A couple of weeks ago, we were given the following theorem in class:
Let $\alpha \in \bar{\mathbb{Q}}$ and $K = \mathbb{Q}(\alpha)$. Then $\bar{K} = \bar{\mathbb{Q}}$.
I can see that $\bar{\mathbb{Q}} \subseteq \bar{K}$ since $\mathbb{Q}\subseteq K$. But I am having trouble proving $\bar{K} \subseteq \bar{\mathbb{Q}}$. So if $\beta \in \bar{K}$, then there is a $f \in K[t]$ such that $f(\beta) = 0$. Must $m(t)$ (the minimal polynomial of $\alpha$ in $\mathbb{Q}$) divide $f$? If so, can we say the quotient $\frac{f(t)}{m(t)}$ is the polynomial over $\mathbb{Q}$ that we are looking for?
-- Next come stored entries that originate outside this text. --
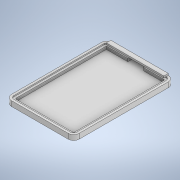
# Autodesk Inventor part: piholder-v1
Saved by Autodesk Inventor 2022 (Build 260153000, 153)
## iProperties
Created: 2021-07-08
Part Number: piholder-v1
Material: Generic
Document SubType Name: Modeling
Designer: dncob
Density: 1 g/cm^3
Appearance: Default
Author: dncob
Autodesk Inventor part; units mm, degrees
ref_plane "YZ Plane" through (0, 0, 0) normal (1, 0, 0) x (0, 1, 0)
ref_plane "XZ Plane" through (0, 0, 0) normal (0, 1, 0) x (-1, 0, 0)
ref_plane "XY Plane" through (0, 0, 0) normal (0, 0, 1) x (1, 0, 0)
sketch "Sketch1" plane through (0, 0, 0) normal (0, 1, 0) x (-1, 0, 0)
  line L0 (-25, 42.5) -> (25, 42.5)
  line L1 (28, 39.5) -> (28, -40.5)
  line L2 (26, -42.5) -> (-25, -42.5)
  line L3 (-28, -39.5) -> (-28, 39.5)
  line L4 (-28, 42.5) -> (28, -42.5) construction
  line L5 (28, 42.5) -> (-28, -42.5) construction
  arc A0 (26, -42.5) -> (28, -40.5) centre (26, -40.5) ccw
  arc A1 (-28, -39.5) -> (-25, -42.5) centre (-25, -39.5) ccw
  arc A2 (-25, 42.5) -> (-28, 39.5) centre (-25, 39.5) ccw
  arc A3 (28, 39.5) -> (25, 42.5) centre (25, 39.5) ccw
  line L6 (30, -40.5) -> (30, 39.5)
  arc A4 (30, 39.5) -> (25, 44.5) centre (25, 39.5) ccw
  line L7 (25, 44.5) -> (-25, 44.5)
  arc A5 (-25, 44.5) -> (-30, 39.5) centre (-25, 39.5) ccw
  line L8 (-30, 39.5) -> (-30, -39.5)
  arc A6 (-30, -39.5) -> (-25, -44.5) centre (-25, -39.5) ccw
  line L9 (-25, -44.5) -> (26, -44.5)
  arc A7 (26, -44.5) -> (30, -40.5) centre (26, -40.5) ccw
  point P0 (0, 0)
  dimension "d0" = 56
  dimension "d1" = 85
  dimension "d2" = 2
  dimension "d3" = 3
  dimension "d4" = 2
  constraints: 20 end point, 16 point on circle, 8 centre point, 8 point on line, 8 tangent, 4 parallel, 2 equal radius, 2 midpoint, 2 perpendicular, 1 horizontal, 7 other
  measures "d0" distance of L4.end L5.end
  measures "d1" distance of L5.start L4.end
  measures "d2" radius of A0
  measures "d3" radius of A1
  measures "d4" distance between parallel lines of L1 L6
extrude "Extrusion1" add sketch "Sketch1" along normal blind 1
sketch "Sketch2" plane through (0, 0, 0) normal (0, -1, 0) x (1, 0, 0)
  arc A0 (-25, 44.5) -> (-30, 39.5) centre (-25, 39.5) ccw projected
  line L0 (-25, 44.5) -> (25, 44.5) projected
  arc A1 (30, 39.5) -> (25, 44.5) centre (25, 39.5) ccw projected
  line L1 (30, 39.5) -> (30, -39.5) projected
  arc A2 (25, -44.5) -> (30, -39.5) centre (25, -39.5) ccw projected
  line L2 (25, -44.5) -> (-26, -44.5) projected
  arc A3 (-30, -40.5) -> (-26, -44.5) centre (-26, -40.5) ccw projected
  line L3 (-30, -40.5) -> (-30, 39.5) projected
  line L4 (-26, -44.5) -> (25, -44.5)
  line L5 (30, -39.5) -> (30, 39.5)
  line L6 (25, 44.5) -> (-25, 44.5)
  line L7 (-30, 39.5) -> (-30, -40.5)
  line L8 (-30, -44.5) -> (30, 44.5) construction
  line L9 (30, -44.5) -> (-30, 44.5) construction
  arc A4 (-25, 44.5) -> (-30, 39.5) centre (-25, 39.5) ccw
  arc A5 (30, 39.5) -> (25, 44.5) centre (25, 39.5) ccw
  arc A6 (25, -42.5) -> (28, -39.5) centre (25, -39.5) ccw projected
  arc A7 (25, -44.5) -> (30, -39.5) centre (25, -39.5) ccw
  arc A8 (-30, -40.5) -> (-26, -44.5) centre (-26, -40.5) ccw
  line L10 (25, 40.5) -> (-25, 40.5)
  arc A9 (-25, 40.5) -> (-26, 39.5) centre (-25, 39.5) ccw
  line L11 (-26, 39.5) -> (-26, -40.5)
  line L12 (-26, -40.5) -> (25, -40.5)
  arc A10 (25, -40.5) -> (26, -39.5) centre (25, -39.5) ccw
  line L13 (26, -39.5) -> (26, 39.5)
  arc A11 (26, 39.5) -> (25, 40.5) centre (25, 39.5) ccw
  point P0 (0, 0)
  point P1 (-26, -40.5)
  dimension "d12" = 4
  constraints: 21 end point, 14 point on circle, 7 centre point, 4 coincident, 4 concentric, 4 point on line, 2 collinear, 2 midpoint, 2 parallel, 1 horizontal, 1 perpendicular, 11 other
  measures "d12" distance between parallel lines of L10 L0
extrude "Extrusion2" add sketch "Sketch2" along normal blind 2.5
sketch "Sketch3" plane through (25, 1, -44.5) normal (0, 0, -1) x (-1, 0, 0)
  line L0 (51, -3.5) -> (51, 0) projected
  line L1 (51, 0) -> (0, 0)
  line L2 (0, 0) -> (0, 1.5)
  line L3 (0, 1.5) -> (51, 1.5)
  line L4 (51, 1.5) -> (51, 0)
  point P0 (25, -1)
  dimension "d9" = 1.5
  constraints: 8 end point, 2 parallel, 1 coincident, 1 horizontal, 1 perpendicular
  measures "d9" distance between parallel lines of L1 L3
extrude "Extrusion3" add sketch "Sketch3" against normal blind 4
sketch "Sketch4" plane through (0, -2.5, 0) normal (0, -1, 0) x (1, 0, 0)
  line L0 (25, 44.5) -> (-25, 44.5)
  line L1 (-30, 39.5) -> (-30, -40.5)
  line L2 (-26, -44.5) -> (25, -44.5)
  line L3 (30, -39.5) -> (30, 39.5)
  line L4 (30, 44.5) -> (-30, -44.5) construction
  line L5 (-30, 44.5) -> (30, -44.5) construction
  line L6 (-26, -44.5) -> (25, -44.5) projected
  line L7 (-30, 39.5) -> (-30, -40.5) projected
  arc A0 (25, -44.5) -> (30, -39.5) centre (25, -39.5) ccw projected
  arc A1 (-30, -40.5) -> (-26, -44.5) centre (-26, -40.5) ccw projected
  arc A2 (-25, 44.5) -> (-30, 39.5) centre (-25, 39.5) ccw projected
  arc A3 (30, 39.5) -> (25, 44.5) centre (25, 39.5) ccw projected
  arc A4 (25, -44.5) -> (30, -39.5) centre (25, -39.5) ccw
  line L8 (25, -40.5) -> (-26, -40.5) projected
  arc A5 (-30, -40.5) -> (-26, -44.5) centre (-26, -40.5) ccw
  arc A6 (-25, 44.5) -> (-30, 39.5) centre (-25, 39.5) ccw
  arc A7 (30, 39.5) -> (25, 44.5) centre (25, 39.5) ccw
  line L9 (25, 44.5) -> (-25, 44.5) projected
  point P0 (0, 0)
  constraints: 13 end point, 10 point on circle, 4 centre point, 4 coincident, 4 concentric, 4 point on line, 3 collinear, 2 midpoint, 2 parallel, 1 horizontal, 1 perpendicular
extrude "Extrusion4" add sketch "Sketch4" along normal blind 1
sketch "Sketch5" plane through (25, 2.5, -44.5) normal (0, 0, -1) x (-1, 0, 0)
  line L0 (51, -6) -> (0, -6) projected
  line L1 (18, -5) -> (32, -5)
  line L2 (32, -5) -> (32, -2.5)
  line L3 (32, -2.5) -> (18, -2.5)
  line L4 (18, -2.5) -> (18, -5)
  line L5 (18, -5) -> (32, -2.5) construction
  line L6 (32, -5) -> (18, -2.5) construction
  point P0 (25, -2.5)
  point P1 (25, -3.75)
  dimension "d16" = 14
  dimension "d17" = 1
  dimension "d18" = 2.5
  constraints: 12 end point, 2 midpoint, 2 parallel, 1 horizontal, 1 perpendicular, 1 vertical alignment
  measures "d16" distance of L2.end L3.end
  measures "d17" distance between parallel lines of L0 L1
  measures "d18" distance between parallel lines of L1 L3
extrude "Extrusion5" cut sketch "Sketch5" against normal up to surface (4 mm away)
body "Solid1"

I.e. $\frac{f(\beta)}{m(\beta)} = 0$. (Must this quotient be in $\mathbb{Q}[t]$?)
Another characterisation of algebraic elements over field $K$ is that $K(\beta)$ has finite dimension as a $K$-vector space. If $\dim_K K(\beta)=n$ and $\dim_{\mathbf Q}K=p$, then $$\dim_{\mathbf Q}(K(\beta))=np$$ Now $\mathbf Q(\beta)$ is a $\mathbf Q$-subspace of $K(\beta)$, hence it has finite dimension, which proves $\beta $ is algebraic over $\mathbf Q$.